Source records:
+---+
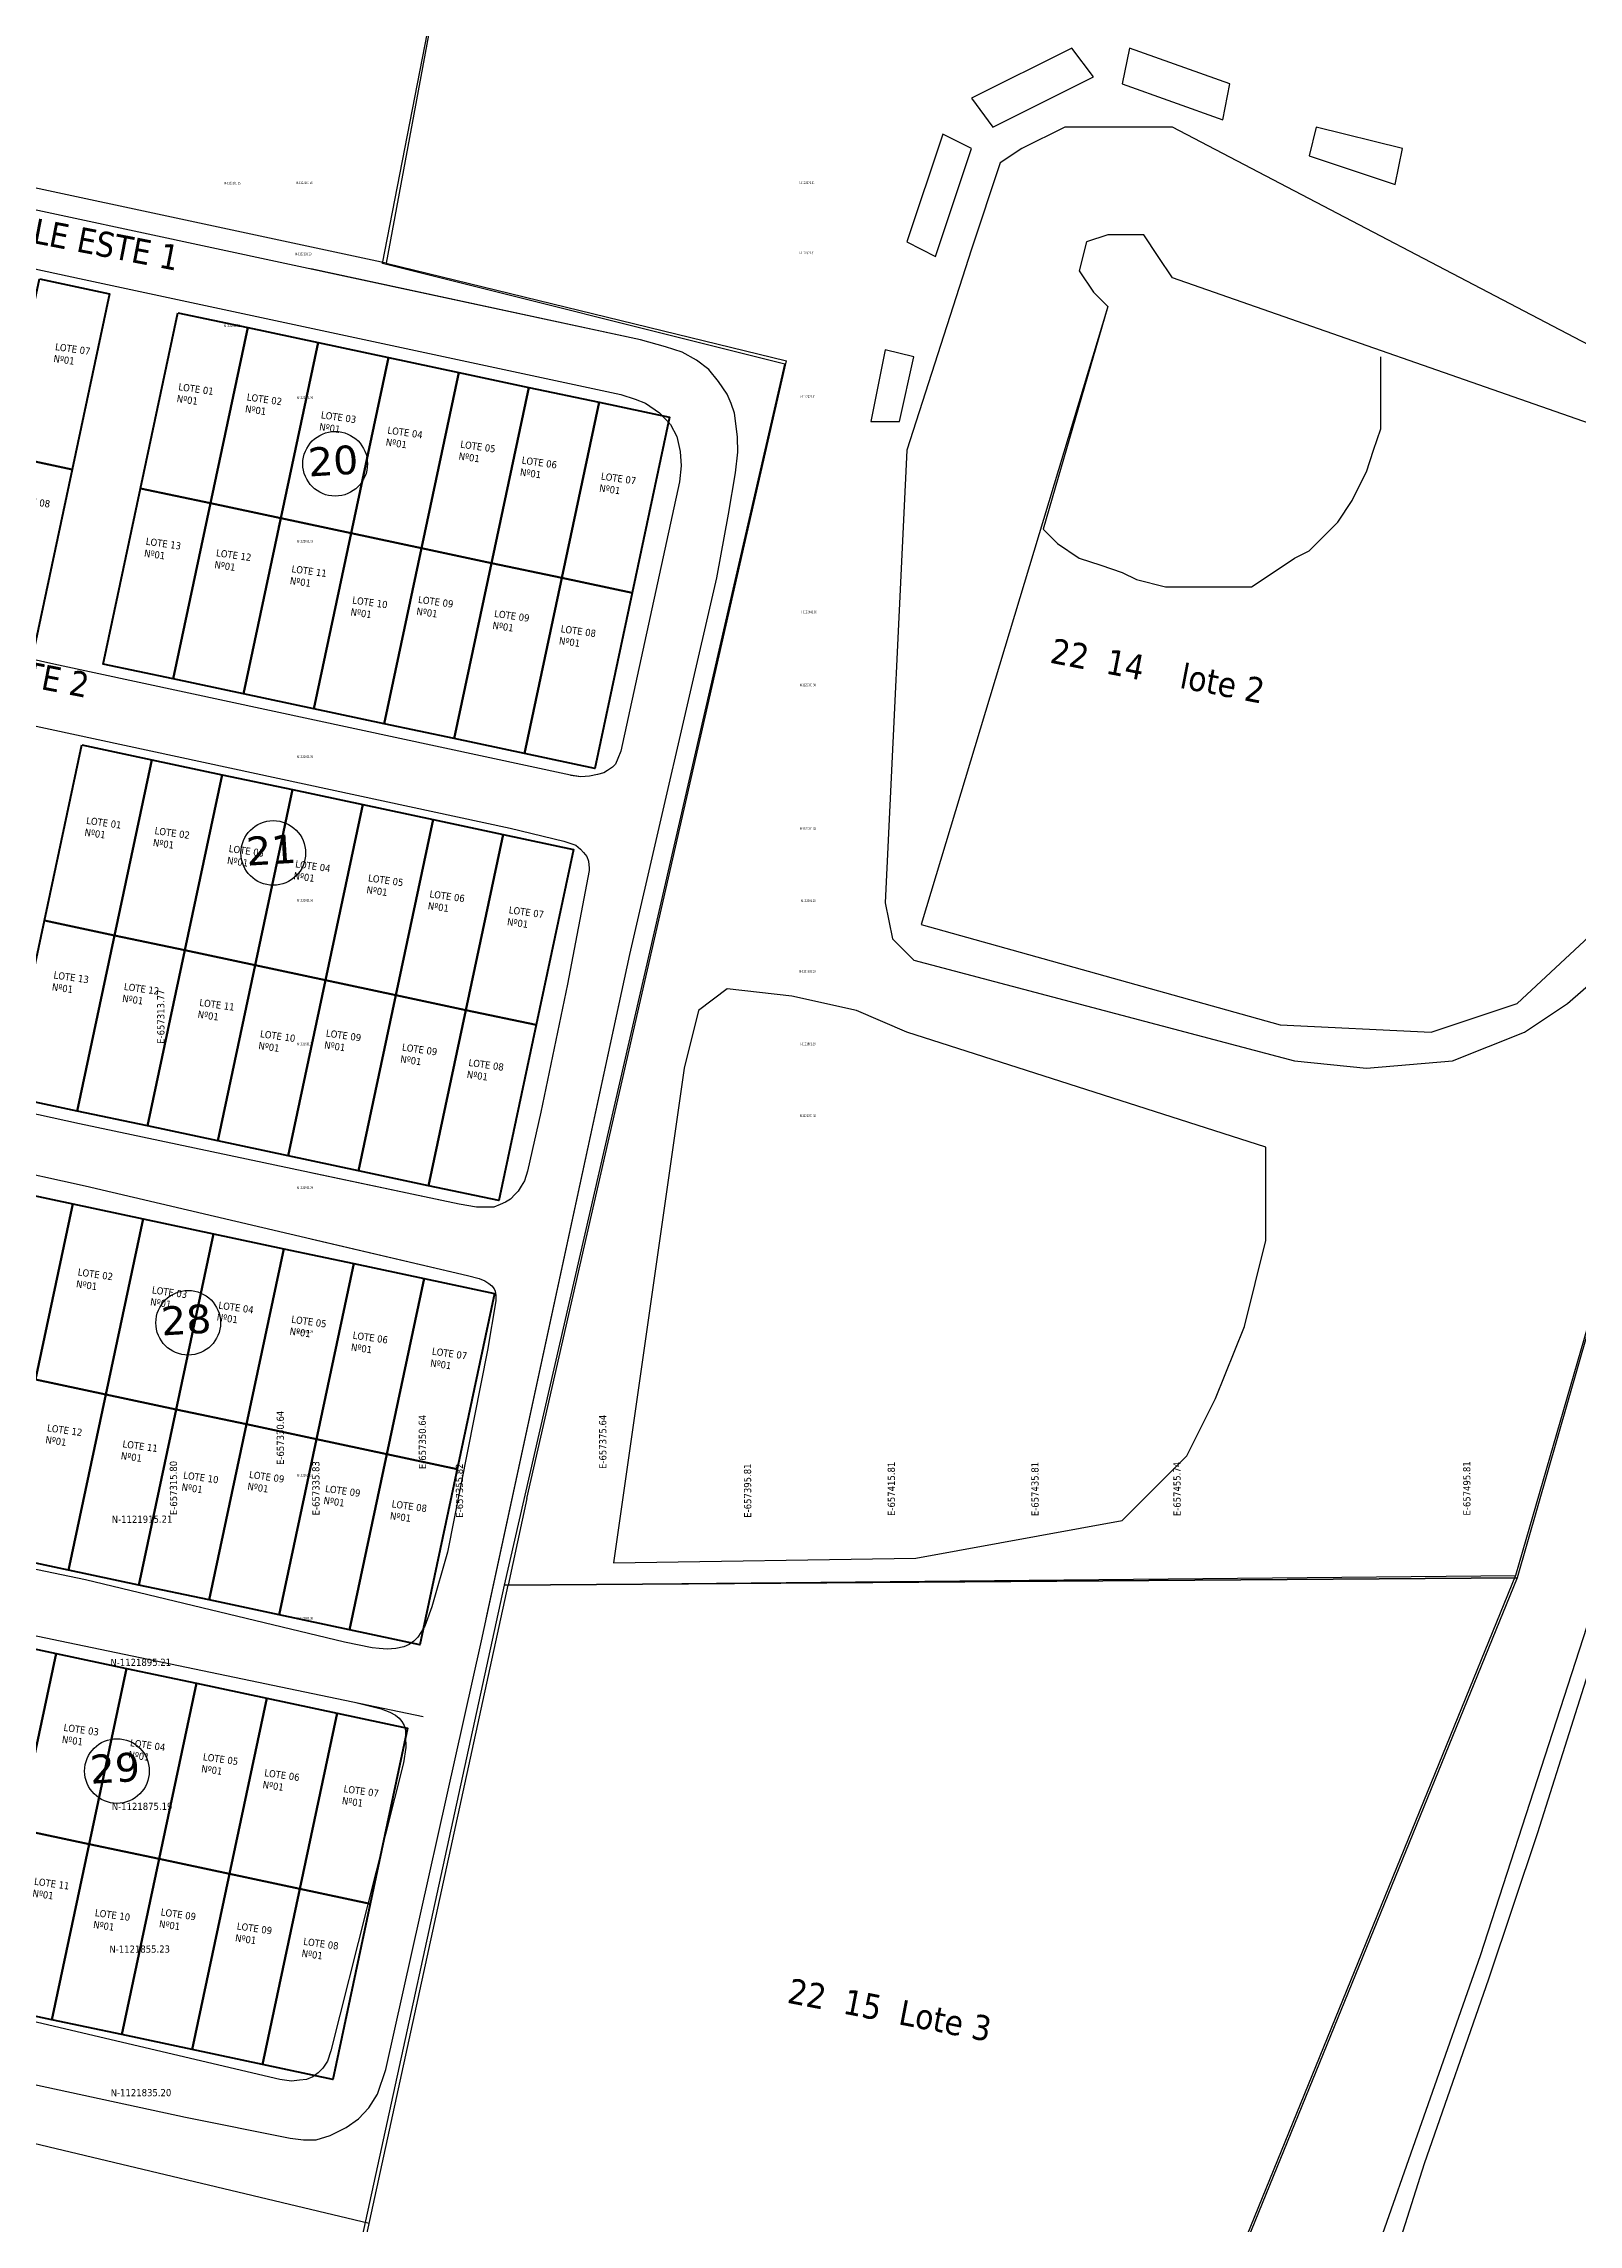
# Model space of a CAD drawing. Header units: metres. Extents: x 2 to 659295185, y -28 to 1124222152.
# Drawn here: x 657297.8 to 657511.5, y 1121817 to 1122120.6 of the extents above; entities that cross this region are included whole.
import ezdxf

# ---------------------------------------------------------------- set-up
doc = ezdxf.new("R2010")
doc.units = ezdxf.units.M
doc.header["$MEASUREMENT"] = 0
doc.layers.add('AT', color=210, linetype='CONTINUOUS', lineweight=50)
for name, color, linetype in [('CALLES', 1, 'CONTINUOUS'), ('MANZANA', 30, 'CONTINUOUS'), ('Numero de manzana', 6, 'CONTINUOUS'), ('Parcelas', 140, 'CONTINUOUS'), ('TEXTOS', 7, 'CONTINUOUS'), ('VERT.', 7, 'CONTINUOUS')]:
    doc.layers.add(name, color=color, linetype=linetype)
doc.styles.add('ROMAN', font='verdana.ttf')
doc.styles.get("Standard").update_dxf_attribs({"font": 'tahoma.ttf'})

msp = doc.modelspace()

# ---------------------------------------------------------------- linework, layer by layer
at = {"layer": 'AT', "lineweight": -3}
msp.add_line((657343.1385, 1121817.1109), (657064.0739, 1121883.9017), dxfattribs=at)
at = {"layer": 'AT', "lineweight": 0}
msp.add_line((657343.1385, 1121817.1109), (657338.4517, 1121795.6159), dxfattribs=at)
at = {"layer": 'MANZANA', "lineweight": -3}
for p, q in [((657440.9999, 1122119.9993), (657426.9999, 1122112.9993)), ((657441, 1122120), (657427, 1122113)), ((657443.9999, 1122115.9993), (657440.9999, 1122119.9993)), ((657444, 1122116), (657441, 1122120)), ((657448.9999, 1122119.9993), (657447.9999, 1122114.9993)), ((657449, 1122120), (657448, 1122115)), ((657462.9999, 1122114.9993), (657448.9999, 1122119.9993)), ((657463, 1122115), (657449, 1122120)), ((657429.9999, 1122108.9993), (657443.9999, 1122115.9993)), ((657430, 1122109), (657444, 1122116)), ((657426.9999, 1122112.9993), (657429.9999, 1122108.9993)), ((657427, 1122113), (657430, 1122109)), ((657447.9999, 1122114.9993), (657461.9999, 1122109.9993)), ((657448, 1122115), (657462, 1122110)), ((657461.9999, 1122109.9993), (657462.9999, 1122114.9993)), ((657462, 1122110), (657463, 1122115)), ((657422.9999, 1122107.9993), (657417.9999, 1122092.9993)), ((657423, 1122108), (657418, 1122093)), ((657426.9999, 1122105.9993), (657422.9999, 1122107.9993)), ((657427, 1122106), (657423, 1122108)), ((657439.9999, 1122108.9993), (657433.9999, 1122105.9993)), ((657440, 1122109), (657434, 1122106)), ((657443.9999, 1122108.9993), (657439.9999, 1122108.9993)), ((657444, 1122109), (657440, 1122109)), ((657448.9999, 1122108.9993), (657443.9999, 1122108.9993)), ((657449, 1122109), (657444, 1122109)), ((657454.9999, 1122108.9993), (657448.9999, 1122108.9993)), ((657455, 1122109), (657449, 1122109)), ((657538.9999, 1122064.9993), (657454.9999, 1122108.9993)), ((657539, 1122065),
+---+
▶ [Work to complete]: Each line in the data that holds the string "dxfattribs" must be returned.

▶ [Response to this task]:
msp.add_line((657343.1385, 1121817.1109), (657064.0739, 1121883.9017), dxfattribs=at)
msp.add_line((657343.1385, 1121817.1109), (657338.4517, 1121795.6159), dxfattribs=at)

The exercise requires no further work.